WHAT THE TASK ASKS. Look for the word "linetype". Copy every line of the listing where it occurs.

+++

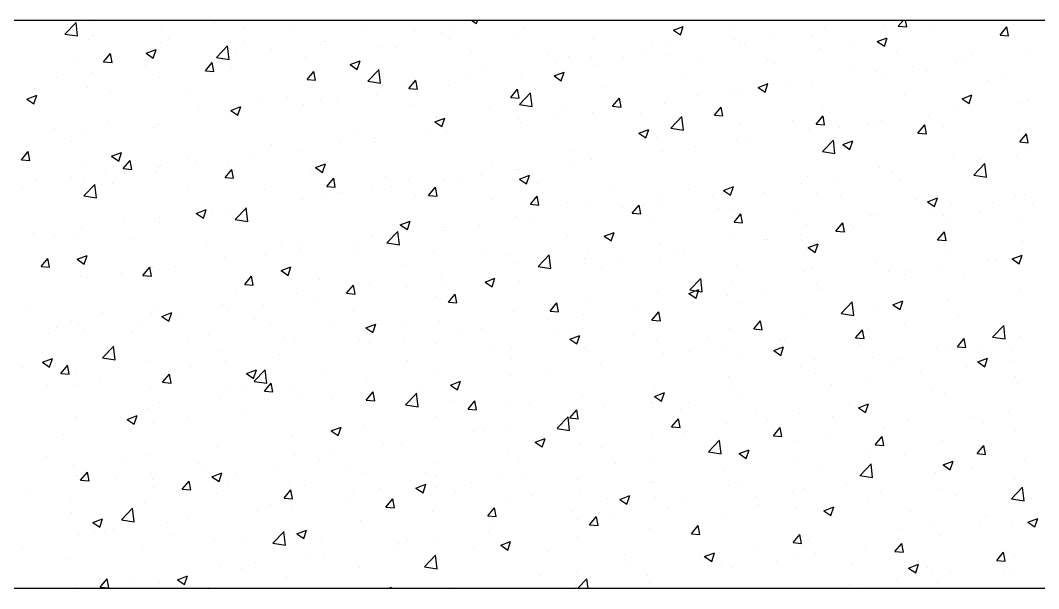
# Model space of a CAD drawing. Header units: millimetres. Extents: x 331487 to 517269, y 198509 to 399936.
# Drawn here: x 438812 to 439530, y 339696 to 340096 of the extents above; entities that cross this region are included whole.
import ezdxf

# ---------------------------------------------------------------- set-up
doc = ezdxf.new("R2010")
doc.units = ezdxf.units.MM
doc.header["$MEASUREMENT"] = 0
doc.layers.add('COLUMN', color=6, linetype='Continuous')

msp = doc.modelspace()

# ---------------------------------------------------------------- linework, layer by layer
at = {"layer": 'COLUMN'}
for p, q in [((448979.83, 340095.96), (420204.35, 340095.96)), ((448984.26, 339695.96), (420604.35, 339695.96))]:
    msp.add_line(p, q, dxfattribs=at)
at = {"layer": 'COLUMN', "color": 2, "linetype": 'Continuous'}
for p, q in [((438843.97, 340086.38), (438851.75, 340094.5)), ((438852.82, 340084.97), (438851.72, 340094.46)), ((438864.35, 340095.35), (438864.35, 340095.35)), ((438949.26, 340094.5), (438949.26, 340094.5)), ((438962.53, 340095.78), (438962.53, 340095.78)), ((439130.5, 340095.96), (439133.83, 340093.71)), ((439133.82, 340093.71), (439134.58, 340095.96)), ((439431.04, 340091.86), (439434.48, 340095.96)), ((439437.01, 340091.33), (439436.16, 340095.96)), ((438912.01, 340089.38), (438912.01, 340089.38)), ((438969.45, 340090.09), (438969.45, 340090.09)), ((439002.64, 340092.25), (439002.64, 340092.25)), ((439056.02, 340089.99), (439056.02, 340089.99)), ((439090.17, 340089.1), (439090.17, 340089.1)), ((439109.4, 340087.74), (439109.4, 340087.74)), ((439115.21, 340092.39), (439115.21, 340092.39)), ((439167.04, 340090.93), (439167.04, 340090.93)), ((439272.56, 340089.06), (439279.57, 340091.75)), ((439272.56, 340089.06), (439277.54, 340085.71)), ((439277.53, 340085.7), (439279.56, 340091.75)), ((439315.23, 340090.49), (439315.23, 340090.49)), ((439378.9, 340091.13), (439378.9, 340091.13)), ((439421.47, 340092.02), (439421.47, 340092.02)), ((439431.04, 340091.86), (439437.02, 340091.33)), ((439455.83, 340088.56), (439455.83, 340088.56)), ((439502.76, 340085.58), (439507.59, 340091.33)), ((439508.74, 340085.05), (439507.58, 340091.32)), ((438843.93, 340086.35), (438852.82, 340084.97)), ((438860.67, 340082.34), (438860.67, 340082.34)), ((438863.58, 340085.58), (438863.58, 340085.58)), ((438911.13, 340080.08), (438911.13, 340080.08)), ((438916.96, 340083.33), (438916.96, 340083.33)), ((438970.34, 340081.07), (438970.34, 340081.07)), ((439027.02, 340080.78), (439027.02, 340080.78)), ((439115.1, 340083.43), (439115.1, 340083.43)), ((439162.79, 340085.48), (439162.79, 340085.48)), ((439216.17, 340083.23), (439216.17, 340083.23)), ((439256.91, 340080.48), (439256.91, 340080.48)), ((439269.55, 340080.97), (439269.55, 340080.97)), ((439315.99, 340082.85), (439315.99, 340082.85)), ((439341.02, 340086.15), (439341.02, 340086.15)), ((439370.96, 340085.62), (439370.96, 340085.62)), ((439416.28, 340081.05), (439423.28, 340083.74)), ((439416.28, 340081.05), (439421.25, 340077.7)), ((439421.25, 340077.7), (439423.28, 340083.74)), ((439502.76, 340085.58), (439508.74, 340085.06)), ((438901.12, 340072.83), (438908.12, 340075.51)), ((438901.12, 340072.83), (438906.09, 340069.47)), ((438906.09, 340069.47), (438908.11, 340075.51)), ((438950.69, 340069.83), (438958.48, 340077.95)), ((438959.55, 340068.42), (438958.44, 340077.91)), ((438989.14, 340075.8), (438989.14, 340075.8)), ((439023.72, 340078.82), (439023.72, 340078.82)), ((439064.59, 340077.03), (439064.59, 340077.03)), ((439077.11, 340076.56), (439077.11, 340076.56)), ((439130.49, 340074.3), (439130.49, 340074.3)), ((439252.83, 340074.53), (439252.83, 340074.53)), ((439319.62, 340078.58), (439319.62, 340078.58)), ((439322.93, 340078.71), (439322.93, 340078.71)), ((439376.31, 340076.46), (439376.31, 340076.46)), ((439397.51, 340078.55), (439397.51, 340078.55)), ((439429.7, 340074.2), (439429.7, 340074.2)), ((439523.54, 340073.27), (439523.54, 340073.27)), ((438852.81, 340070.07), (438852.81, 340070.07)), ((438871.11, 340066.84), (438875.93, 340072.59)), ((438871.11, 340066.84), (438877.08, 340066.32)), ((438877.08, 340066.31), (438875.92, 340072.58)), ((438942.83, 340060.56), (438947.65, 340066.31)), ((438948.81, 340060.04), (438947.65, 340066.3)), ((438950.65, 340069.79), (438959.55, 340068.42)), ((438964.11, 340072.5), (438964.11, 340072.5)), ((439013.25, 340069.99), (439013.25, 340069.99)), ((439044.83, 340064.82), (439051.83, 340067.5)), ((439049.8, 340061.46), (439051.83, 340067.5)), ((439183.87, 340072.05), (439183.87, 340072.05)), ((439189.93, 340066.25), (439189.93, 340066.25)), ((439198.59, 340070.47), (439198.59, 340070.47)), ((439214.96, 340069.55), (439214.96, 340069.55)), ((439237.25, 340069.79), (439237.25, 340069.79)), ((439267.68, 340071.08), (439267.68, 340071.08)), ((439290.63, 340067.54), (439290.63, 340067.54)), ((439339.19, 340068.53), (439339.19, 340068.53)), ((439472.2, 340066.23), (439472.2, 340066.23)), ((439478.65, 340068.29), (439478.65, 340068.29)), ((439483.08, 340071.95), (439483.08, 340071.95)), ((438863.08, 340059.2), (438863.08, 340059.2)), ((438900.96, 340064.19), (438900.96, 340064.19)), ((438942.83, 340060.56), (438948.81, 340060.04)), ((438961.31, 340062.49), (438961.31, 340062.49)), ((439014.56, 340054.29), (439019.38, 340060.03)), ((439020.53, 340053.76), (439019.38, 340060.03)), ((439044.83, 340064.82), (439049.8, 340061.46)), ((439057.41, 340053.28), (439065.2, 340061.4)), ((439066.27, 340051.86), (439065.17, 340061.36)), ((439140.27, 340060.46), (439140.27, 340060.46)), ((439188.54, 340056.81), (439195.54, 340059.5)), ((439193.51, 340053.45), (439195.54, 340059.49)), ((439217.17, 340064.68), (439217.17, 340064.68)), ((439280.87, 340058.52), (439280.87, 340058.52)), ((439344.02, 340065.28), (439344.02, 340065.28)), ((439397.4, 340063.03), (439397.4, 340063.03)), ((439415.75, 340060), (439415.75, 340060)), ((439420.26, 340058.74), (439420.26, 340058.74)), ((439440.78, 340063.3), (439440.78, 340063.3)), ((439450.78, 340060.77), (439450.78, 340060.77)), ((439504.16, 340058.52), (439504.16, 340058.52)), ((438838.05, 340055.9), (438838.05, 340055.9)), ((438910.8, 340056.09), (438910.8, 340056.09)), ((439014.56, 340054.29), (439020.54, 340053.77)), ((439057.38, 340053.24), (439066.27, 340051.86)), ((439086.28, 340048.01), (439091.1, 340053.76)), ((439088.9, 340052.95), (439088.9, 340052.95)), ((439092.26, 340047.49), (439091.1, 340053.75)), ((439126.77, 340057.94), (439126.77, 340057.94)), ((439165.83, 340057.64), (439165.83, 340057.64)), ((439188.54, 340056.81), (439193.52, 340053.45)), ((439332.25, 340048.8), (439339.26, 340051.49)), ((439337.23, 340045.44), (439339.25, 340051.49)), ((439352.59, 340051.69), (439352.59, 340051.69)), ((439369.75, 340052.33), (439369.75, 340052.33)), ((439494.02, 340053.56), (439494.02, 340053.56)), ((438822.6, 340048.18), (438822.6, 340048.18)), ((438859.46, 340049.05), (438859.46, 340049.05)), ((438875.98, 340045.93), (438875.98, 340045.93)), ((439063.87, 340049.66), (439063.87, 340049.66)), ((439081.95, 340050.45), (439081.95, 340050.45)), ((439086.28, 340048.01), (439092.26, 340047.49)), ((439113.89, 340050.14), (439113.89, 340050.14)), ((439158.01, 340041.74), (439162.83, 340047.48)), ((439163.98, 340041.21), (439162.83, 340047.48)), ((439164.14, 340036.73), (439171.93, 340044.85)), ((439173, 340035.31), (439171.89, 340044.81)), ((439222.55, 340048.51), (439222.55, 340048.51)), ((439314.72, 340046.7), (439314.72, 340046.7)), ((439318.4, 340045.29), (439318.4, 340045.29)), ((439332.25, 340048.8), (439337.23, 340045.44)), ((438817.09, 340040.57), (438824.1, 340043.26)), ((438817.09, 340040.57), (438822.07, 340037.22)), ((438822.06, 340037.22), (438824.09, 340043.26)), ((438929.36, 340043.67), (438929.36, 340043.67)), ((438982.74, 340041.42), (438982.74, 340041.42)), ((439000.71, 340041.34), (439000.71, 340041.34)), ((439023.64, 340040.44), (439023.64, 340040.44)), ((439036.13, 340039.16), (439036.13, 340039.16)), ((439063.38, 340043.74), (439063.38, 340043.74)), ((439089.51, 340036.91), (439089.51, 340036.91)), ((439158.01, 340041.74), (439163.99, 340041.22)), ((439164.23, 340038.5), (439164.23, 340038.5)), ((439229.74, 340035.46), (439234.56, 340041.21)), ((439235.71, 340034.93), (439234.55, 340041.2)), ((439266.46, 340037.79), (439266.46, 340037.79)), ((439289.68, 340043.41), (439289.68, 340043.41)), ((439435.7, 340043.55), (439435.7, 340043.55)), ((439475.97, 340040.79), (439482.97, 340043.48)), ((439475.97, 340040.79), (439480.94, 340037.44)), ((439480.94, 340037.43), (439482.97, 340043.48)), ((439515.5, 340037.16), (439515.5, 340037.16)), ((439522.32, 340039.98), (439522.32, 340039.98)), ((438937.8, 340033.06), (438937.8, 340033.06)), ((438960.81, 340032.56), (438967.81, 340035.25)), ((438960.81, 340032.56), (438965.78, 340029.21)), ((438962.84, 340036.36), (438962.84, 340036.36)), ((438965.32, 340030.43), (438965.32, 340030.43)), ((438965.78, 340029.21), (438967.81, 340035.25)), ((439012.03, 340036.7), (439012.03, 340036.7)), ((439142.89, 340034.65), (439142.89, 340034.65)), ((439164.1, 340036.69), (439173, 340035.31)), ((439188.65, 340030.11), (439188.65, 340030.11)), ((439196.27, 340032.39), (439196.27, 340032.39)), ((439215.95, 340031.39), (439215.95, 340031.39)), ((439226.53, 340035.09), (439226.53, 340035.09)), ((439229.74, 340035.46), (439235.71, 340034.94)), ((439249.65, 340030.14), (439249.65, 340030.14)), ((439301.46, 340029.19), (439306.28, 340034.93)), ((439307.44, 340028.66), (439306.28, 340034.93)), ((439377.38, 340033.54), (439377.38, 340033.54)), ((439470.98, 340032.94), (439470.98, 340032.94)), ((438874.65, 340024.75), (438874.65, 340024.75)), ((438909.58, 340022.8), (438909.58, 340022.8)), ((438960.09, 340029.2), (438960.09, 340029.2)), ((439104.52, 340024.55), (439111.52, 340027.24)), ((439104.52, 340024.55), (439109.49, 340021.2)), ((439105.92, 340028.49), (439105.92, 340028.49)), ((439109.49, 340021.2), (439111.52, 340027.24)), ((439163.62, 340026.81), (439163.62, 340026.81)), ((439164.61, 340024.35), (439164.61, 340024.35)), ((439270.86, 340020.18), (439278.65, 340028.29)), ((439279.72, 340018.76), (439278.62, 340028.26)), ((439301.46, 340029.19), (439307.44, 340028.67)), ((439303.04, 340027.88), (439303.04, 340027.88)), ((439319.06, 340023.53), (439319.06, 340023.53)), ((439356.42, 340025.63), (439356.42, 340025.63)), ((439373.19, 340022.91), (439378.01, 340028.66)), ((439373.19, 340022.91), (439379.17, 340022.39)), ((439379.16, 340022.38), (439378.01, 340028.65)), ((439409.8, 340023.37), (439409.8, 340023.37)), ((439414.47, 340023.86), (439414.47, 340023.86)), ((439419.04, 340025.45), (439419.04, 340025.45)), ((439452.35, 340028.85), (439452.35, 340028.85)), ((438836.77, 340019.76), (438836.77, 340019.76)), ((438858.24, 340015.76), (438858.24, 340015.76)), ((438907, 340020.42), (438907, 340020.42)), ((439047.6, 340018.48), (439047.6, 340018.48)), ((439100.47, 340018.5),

+++

WRITTEN SOLUTION.
doc.layers.add('COLUMN', color=6, linetype='Continuous')
at = {"layer": 'COLUMN', "color": 2, "linetype": 'Continuous'}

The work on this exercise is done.